Aún me parece verla abierta al tráfico desde Santo Domingo hasta la Puerta del Sol. Hablamos de los años 60 del amado siglo XX. De hecho, uno de los primeros recuerdos que conservo de ella es el de un recorrido en el autobús del colegio. Más antiguo aún es el del Sanatorio de Muñecas, aún abierto al público, donde en los remotos días de mi niñez me arreglaron mi camión Payá. Avanzando en dirección a Sol, en la aneja Rompelanzas, cuando llegaba el hoy tan anhelado calor de Madrid y acompañaba a mi madre a hacer gestiones, que las llamaba ella, me invitaba a perritos calientes con horchata en Bravo's. Las hamburgueserías aún estaban por llegar y esas salchichas eran lo último en comida rápida, que siempre he preferido a la casera.

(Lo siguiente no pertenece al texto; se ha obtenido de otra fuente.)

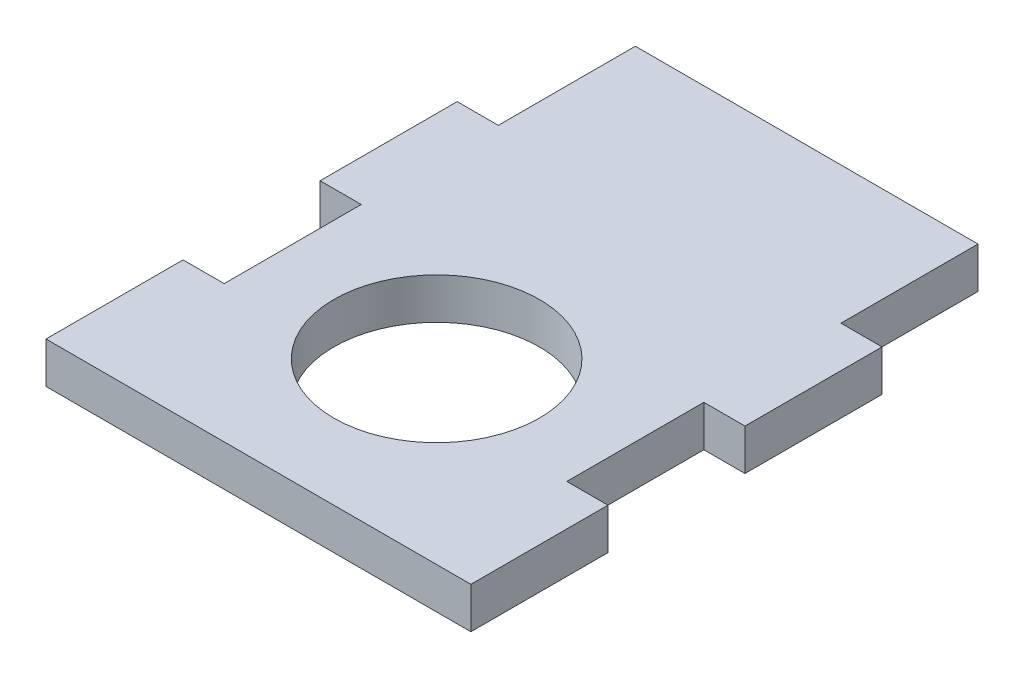
SolidWorks part; units mm, degrees
material "PC High Viscosity"
ref_plane "Front Plane" through (0, 0, 0) normal (0, 0, 1) x (1, 0, 0)
ref_plane "Top Plane" through (0, 0, 0) normal (0, 1, 0) x (1, 0, 0)
ref_plane "Right Plane" through (0, 0, 0) normal (1, 0, 0) x (0, 0, -1)
sketch "Sketch1" plane through (0, 0, 0) normal (0, 1, 0) x (1, 0, 0)
  line L1 (12.5, -20) -> (-12.5, -20)
  line L2 (12.5, -20) -> (12.5, 20)
  line L3 (12.5, 20) -> (-12.5, 20)
  line L4 (-12.5, -20) -> (-12.5, 20)
  line L5 (12.5, -20) -> (-12.5, 20) construction
  line L6 (12.5, 20) -> (-12.5, -20) construction
  point P0 (0, 0)
  dimension "D1" = 25
  dimension "D2" = 40
extrude "Boss-Extrude1" add sketch "Sketch1" along normal blind 3
sketch "Sketch2" plane through (0, 3, 0) normal (0, 1, 0) x (1, 0, 0)
  line L0 (12.5, -20) -> (12.5, 20) construction
  line L1 (12.5, -10) -> (15.5, -10)
  line L2 (12.5, -10) -> (12.5, -20)
  line L3 (12.5, -20) -> (15.5, -20)
  line L4 (15.5, -10) -> (15.5, -20)
  line L5 (12.5, 0) -> (12.5, -10) construction
  line L6 (12.5, 0) -> (15.5, 0)
  line L7 (12.5, 0) -> (12.5, 10)
  line L8 (12.5, 10) -> (15.5, 10)
  line L9 (15.5, 0) -> (15.5, 10)
  line L10 (-12.5, -20) -> (12.5, -20) construction
  line L11 (0, -20) -> (0, 20) construction
  line L12 (12.5, 20) -> (-12.5, 20) construction
  line L13 (-15.5, -10) -> (-15.5, -20)
  line L14 (-12.5, -20) -> (-15.5, -20)
  line L15 (-12.5, -10) -> (-12.5, -20)
  line L16 (-12.5, -10) -> (-15.5, -10)
  line L17 (-15.5, 0) -> (-15.5, 10)
  line L18 (-12.5, 10) -> (-15.5, 10)
  line L19 (-12.5, 0) -> (-12.5, 10)
  line L20 (-12.5, 0) -> (-15.5, 0)
  dimension "D1" = 10
  dimension "D2" = 3
extrude "Boss-Extrude2" add sketch "Sketch2" against normal up to surface (3 mm away) up to face at (0, 0, 0)
sketch "Sketch3" plane through (0, 3, 0) normal (0, 1, 0) x (1, 0, 0)
  line L0 (-15.5, -20) -> (15.5, -20) construction
  circle A0 centre (0, -7) radius 7.5
  point P4 (0, 0)
  dimension "D1" = 15
  dimension "D2" = 13
extrude "Cut-Extrude1" cut sketch "Sketch3" against normal through all
equation "\"pulley_pitch_diam\"= 12.73mm"
equation "\"pulley_total_width\"= 16mm"
equation "\"pulley_total_diam\"= 16mm"
equation "\"belt_width\"= 6mm"
equation "\"material_thickness\"= 3mm"
equation "\"shaft_diam\"= 8mm"
equation "\"bearing_od\"= 22mm"
equation "\"bearing_thickness\"= 7mm"
equation "\"D1@Boss-Extrude1\"=\"material_thickness\""
equation "\"D2@Sketch2\"=\"material_thickness\""

Aún me llamaba la atención que Preciados no cambiara de nombre tras el quiebro que hace en Callao, cuando decenas de jilgueros volaban libremente en el interior la Camisería Moderna. Estaba en el número 4, con anterioridad a la ocupación de casi toda la calle por parte de El Corte Inglés. Siempre que vuelvo a mi querida Lisboa voy ex profeso a la praça Rossio para ver la tienda que esta casa aún tiene abierta allí. Huelga dar cuenta de la avidez con la que busco los pájaros.
Aunque uno de mis orgullos sea no haber hecho jamás deporte, también recuerdo el escaparate de Deportes Todo con el mismo cariño que Galerías Preciados. Deben de ser las cartas que allí eché a los Reyes Magos, máxima expresión de mi primera ingenuidad, las que hacen que aún ahora siga sin blasfemar ni maldecir mi suerte, por mucho que se me tuerza cuanto se puede torcer, al pasar por esta calle.
Más allá del que llevaba a Oz, el camino de baldosas amarillas, que siempre conduce a un paraíso, es un recurso en la mitología anglosajona. Mi camino de baldosas amarillas discurre entre la Plaza de Santo Domingo y la Puerta del Sol.
Publicado el 22 de junio de 2013 a las 00:45.